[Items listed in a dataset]
####################
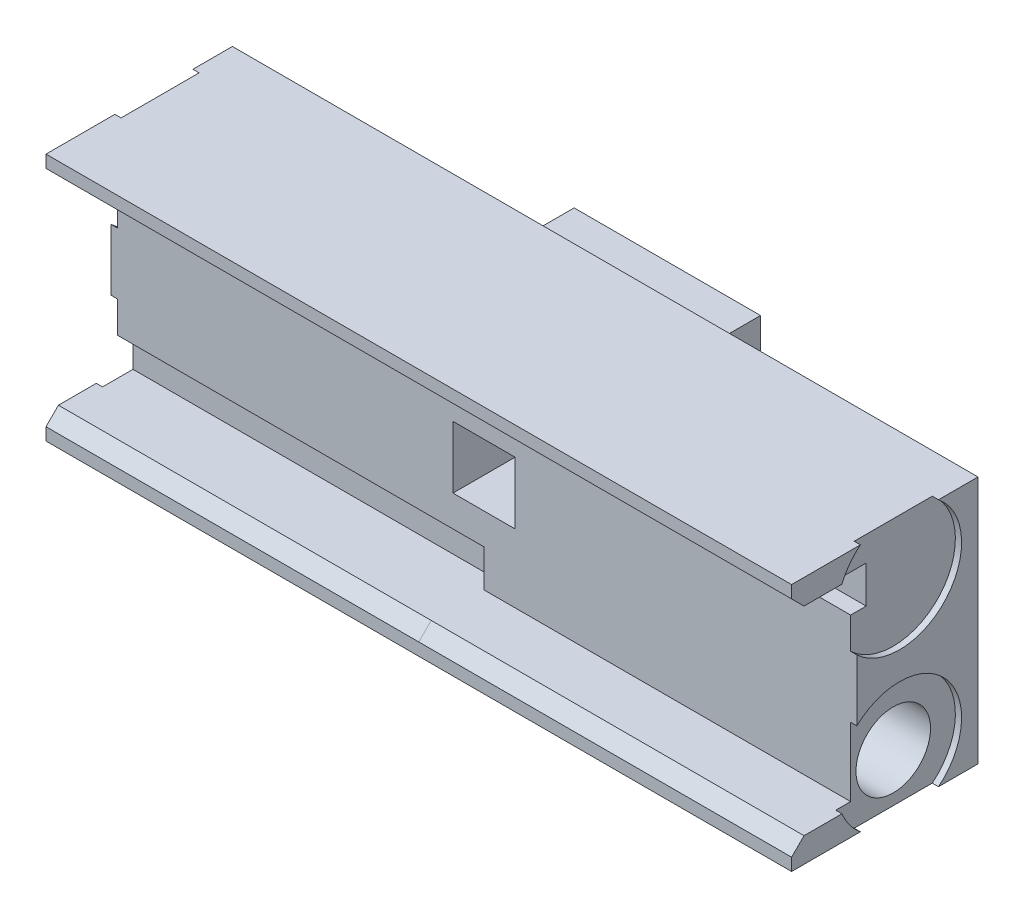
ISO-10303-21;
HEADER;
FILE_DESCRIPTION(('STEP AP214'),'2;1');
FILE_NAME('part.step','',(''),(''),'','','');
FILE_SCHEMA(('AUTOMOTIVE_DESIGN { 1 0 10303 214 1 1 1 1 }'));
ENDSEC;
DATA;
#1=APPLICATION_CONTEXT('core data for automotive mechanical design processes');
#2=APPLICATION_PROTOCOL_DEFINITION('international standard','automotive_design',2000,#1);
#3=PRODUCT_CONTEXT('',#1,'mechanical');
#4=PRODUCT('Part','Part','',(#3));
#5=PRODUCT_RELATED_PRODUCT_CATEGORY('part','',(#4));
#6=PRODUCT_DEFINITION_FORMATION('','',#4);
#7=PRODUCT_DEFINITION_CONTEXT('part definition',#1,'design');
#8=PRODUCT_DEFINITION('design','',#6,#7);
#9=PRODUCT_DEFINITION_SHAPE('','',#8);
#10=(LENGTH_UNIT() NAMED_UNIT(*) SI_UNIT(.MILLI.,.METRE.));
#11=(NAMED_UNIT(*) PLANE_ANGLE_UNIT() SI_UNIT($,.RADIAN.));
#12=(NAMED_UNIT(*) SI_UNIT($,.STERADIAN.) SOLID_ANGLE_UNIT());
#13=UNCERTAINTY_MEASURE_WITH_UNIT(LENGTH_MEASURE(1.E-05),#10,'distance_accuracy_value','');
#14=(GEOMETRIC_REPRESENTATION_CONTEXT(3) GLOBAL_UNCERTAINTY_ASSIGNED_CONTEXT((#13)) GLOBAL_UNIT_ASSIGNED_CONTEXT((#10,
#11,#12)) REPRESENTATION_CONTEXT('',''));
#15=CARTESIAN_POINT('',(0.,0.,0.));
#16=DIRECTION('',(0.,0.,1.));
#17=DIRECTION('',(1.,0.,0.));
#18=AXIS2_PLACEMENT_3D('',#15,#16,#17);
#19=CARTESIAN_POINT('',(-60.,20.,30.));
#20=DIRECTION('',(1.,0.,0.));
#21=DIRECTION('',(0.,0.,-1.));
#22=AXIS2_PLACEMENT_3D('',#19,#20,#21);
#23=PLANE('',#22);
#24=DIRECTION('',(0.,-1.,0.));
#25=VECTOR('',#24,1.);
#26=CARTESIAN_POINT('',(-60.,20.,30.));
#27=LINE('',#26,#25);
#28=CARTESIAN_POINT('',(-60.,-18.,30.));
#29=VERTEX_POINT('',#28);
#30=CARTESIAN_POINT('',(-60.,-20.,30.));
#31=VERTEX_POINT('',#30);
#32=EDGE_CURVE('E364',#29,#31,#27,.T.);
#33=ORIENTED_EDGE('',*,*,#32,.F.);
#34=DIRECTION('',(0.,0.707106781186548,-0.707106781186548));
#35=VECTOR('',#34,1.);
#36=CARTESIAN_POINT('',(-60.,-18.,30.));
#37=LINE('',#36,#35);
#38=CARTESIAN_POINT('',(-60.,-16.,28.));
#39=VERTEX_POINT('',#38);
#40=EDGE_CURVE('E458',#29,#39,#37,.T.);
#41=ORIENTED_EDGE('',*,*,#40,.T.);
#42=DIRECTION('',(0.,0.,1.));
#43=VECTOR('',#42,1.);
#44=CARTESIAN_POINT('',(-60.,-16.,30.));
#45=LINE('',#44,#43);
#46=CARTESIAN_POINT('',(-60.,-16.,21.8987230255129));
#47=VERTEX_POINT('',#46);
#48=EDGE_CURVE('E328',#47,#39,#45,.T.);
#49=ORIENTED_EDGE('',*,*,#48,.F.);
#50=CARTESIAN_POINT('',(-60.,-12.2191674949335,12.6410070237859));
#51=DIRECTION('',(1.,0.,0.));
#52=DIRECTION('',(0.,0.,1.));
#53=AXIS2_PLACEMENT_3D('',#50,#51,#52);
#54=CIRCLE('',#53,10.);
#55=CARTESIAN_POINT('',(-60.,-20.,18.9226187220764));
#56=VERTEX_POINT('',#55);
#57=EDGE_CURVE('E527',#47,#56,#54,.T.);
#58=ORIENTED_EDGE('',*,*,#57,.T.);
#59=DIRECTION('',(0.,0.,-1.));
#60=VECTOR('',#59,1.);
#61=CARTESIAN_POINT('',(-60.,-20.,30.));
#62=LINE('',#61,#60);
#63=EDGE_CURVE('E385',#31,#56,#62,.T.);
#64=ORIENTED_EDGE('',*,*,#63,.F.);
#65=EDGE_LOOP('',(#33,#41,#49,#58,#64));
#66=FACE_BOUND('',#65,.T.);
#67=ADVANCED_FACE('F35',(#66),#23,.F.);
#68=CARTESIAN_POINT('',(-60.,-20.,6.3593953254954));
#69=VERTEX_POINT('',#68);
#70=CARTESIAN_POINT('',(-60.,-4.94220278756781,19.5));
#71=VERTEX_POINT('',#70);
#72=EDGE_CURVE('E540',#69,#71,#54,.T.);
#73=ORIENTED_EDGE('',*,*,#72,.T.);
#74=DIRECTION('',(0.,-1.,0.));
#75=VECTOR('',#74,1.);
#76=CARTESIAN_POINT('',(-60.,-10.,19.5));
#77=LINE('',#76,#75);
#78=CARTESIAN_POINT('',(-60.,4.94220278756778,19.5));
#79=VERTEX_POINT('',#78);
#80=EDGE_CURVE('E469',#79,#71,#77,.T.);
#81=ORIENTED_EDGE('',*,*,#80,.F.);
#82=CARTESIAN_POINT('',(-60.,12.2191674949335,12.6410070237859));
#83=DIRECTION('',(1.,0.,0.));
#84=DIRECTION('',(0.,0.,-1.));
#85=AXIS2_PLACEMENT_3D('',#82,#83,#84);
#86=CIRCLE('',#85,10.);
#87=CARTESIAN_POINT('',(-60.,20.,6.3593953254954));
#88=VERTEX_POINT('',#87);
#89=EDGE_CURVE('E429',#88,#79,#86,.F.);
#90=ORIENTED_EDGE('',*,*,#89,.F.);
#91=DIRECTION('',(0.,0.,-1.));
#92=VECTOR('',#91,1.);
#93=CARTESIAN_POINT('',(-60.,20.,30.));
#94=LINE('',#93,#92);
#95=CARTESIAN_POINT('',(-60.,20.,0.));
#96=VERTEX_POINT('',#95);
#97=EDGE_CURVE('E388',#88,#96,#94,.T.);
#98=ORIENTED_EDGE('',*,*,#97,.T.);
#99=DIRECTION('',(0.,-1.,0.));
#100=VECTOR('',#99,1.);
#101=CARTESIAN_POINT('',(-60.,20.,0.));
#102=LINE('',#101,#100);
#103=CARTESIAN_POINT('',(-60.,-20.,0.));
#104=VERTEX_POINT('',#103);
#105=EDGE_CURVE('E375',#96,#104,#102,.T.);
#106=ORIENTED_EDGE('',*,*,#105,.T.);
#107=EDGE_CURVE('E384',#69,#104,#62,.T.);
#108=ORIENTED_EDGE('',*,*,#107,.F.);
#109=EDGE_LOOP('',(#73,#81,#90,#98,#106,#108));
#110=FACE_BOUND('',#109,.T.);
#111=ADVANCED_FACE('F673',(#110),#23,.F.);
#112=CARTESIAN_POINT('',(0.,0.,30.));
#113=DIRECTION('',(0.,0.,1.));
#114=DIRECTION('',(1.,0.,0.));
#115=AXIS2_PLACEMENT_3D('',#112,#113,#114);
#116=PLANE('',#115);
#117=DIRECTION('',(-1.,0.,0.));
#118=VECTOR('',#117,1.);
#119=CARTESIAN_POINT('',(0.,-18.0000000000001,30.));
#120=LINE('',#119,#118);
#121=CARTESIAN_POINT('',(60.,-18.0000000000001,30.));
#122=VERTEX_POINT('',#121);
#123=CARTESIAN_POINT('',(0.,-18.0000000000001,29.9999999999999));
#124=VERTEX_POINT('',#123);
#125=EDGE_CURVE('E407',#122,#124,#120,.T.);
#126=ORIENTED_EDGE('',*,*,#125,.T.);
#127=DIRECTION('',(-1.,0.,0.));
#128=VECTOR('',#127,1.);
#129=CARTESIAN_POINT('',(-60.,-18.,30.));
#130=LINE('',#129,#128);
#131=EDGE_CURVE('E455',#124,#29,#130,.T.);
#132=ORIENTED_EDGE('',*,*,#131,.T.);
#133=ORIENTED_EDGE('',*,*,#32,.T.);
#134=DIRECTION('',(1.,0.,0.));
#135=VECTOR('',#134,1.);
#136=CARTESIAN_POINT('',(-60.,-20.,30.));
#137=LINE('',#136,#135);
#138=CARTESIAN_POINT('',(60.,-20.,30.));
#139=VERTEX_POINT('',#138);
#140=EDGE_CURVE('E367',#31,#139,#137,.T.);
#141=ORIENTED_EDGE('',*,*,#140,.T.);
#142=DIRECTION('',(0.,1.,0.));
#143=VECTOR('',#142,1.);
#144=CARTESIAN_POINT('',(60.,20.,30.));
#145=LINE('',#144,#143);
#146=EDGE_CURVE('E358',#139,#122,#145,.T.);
####################
- **What to work on**
Pull every line with the string "VECTOR" from the data above.

- **Exercise solution**
#25=VECTOR('',#24,1.);
#35=VECTOR('',#34,1.);
#43=VECTOR('',#42,1.);
#60=VECTOR('',#59,1.);
#75=VECTOR('',#74,1.);
#92=VECTOR('',#91,1.);
#100=VECTOR('',#99,1.);
#118=VECTOR('',#117,1.);
#128=VECTOR('',#127,1.);
#135=VECTOR('',#134,1.);
#143=VECTOR('',#142,1.);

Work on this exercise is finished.